Tuesday, August 13, 2019

Crystal Fire #3


Americans were latecomers to the quantum revolution. Europeans led the way in forming deeper and more fundamental insights about the quantum world. It was in the application of the new theoretical insights and experimental techniques that U.S. scientists excelled in the 1920s. They explored the internal structure and intrinsic properties of solids: color, hardness, conductivity, and so forth.

In the last quarter of the 19th century, physicists became fascinated with cathode-ray tubes. In 1895 Roentgen discovered X-rays – so-called because he didn’t know what they were. X-rays excited the imagination, but much mystery about them remained. Were they waves or particles? Physicists searched for zebra-striped interference patterns like visible light produced. But if X-rays had wavelengths a thousand times shorter than visible light, any suitable diffraction grating would need spacing a thousand times smaller, less than a billionth of a meter. Nobody knew how to make such a fine grating. In 1912 two of Roentgen’s students found a wreath-like pattern of brights spots against a dark background directing X-ray beams onto a crystal of copper sulfate. Other crystals produced similar patterns. Max von Laue thought the interference patterns were caused by a three-dimensional lattice of objects within the crystals. William Henry Bragg and his son extended von Laue’s insights. All three received a Nobel Prize for their work.

Scientists could then peer inside crystals, where the atoms appeared to be arranged in layers, like eggs stacked in crates.

Physicists began to recognize the conductivity of metals had something to do with the availability of electrons within them. An excellent conductor like copper has plenty of free electrons. Good insulators, like glass or wood, have essentially none.

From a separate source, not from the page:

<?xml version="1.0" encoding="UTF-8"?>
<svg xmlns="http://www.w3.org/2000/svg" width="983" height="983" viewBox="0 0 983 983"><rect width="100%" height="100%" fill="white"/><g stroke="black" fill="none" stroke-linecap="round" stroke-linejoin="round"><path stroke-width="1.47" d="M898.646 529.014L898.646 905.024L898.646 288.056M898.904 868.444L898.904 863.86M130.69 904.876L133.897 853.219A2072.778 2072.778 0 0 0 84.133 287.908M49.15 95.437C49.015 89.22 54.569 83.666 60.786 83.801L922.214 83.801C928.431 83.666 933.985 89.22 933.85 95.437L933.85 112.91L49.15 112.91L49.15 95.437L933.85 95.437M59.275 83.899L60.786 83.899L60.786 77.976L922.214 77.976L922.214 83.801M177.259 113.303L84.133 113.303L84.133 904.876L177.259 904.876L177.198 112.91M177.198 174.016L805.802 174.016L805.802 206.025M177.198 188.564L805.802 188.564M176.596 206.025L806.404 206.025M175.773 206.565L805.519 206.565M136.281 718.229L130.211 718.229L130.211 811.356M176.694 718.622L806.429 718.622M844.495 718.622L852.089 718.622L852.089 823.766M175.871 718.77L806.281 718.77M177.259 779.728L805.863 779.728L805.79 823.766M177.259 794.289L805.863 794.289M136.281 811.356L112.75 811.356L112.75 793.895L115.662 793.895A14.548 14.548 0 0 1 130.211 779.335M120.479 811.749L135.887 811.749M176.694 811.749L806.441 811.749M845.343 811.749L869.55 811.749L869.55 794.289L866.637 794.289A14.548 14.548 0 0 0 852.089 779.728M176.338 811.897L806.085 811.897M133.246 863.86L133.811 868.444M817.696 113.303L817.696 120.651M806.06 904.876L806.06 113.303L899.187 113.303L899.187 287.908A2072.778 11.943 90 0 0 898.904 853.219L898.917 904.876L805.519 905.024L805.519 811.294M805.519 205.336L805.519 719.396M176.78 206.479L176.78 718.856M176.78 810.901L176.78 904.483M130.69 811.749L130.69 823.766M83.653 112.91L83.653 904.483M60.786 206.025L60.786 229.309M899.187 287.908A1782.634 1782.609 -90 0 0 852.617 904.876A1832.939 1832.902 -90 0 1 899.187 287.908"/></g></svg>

Chapter 3 has more about other discoveries in physics, such as Rutherford’s discoveries of the inner structure of atoms and Schrรถedinger’s wave equation. I will skip the details to stick to the main story of the book and avoid possible errors trying to summarize it.

Practical-minded Americans like Walter Brattain had little interest in the airy philosophical debates such as occurred between Niels Bohr and Albert Einstein. They were busy applying the new quantum tools to their study of matter. Plenty of unsolved problems about the nature and structure of atoms, molecules, metals, and crystals awaited exploration with the new methods.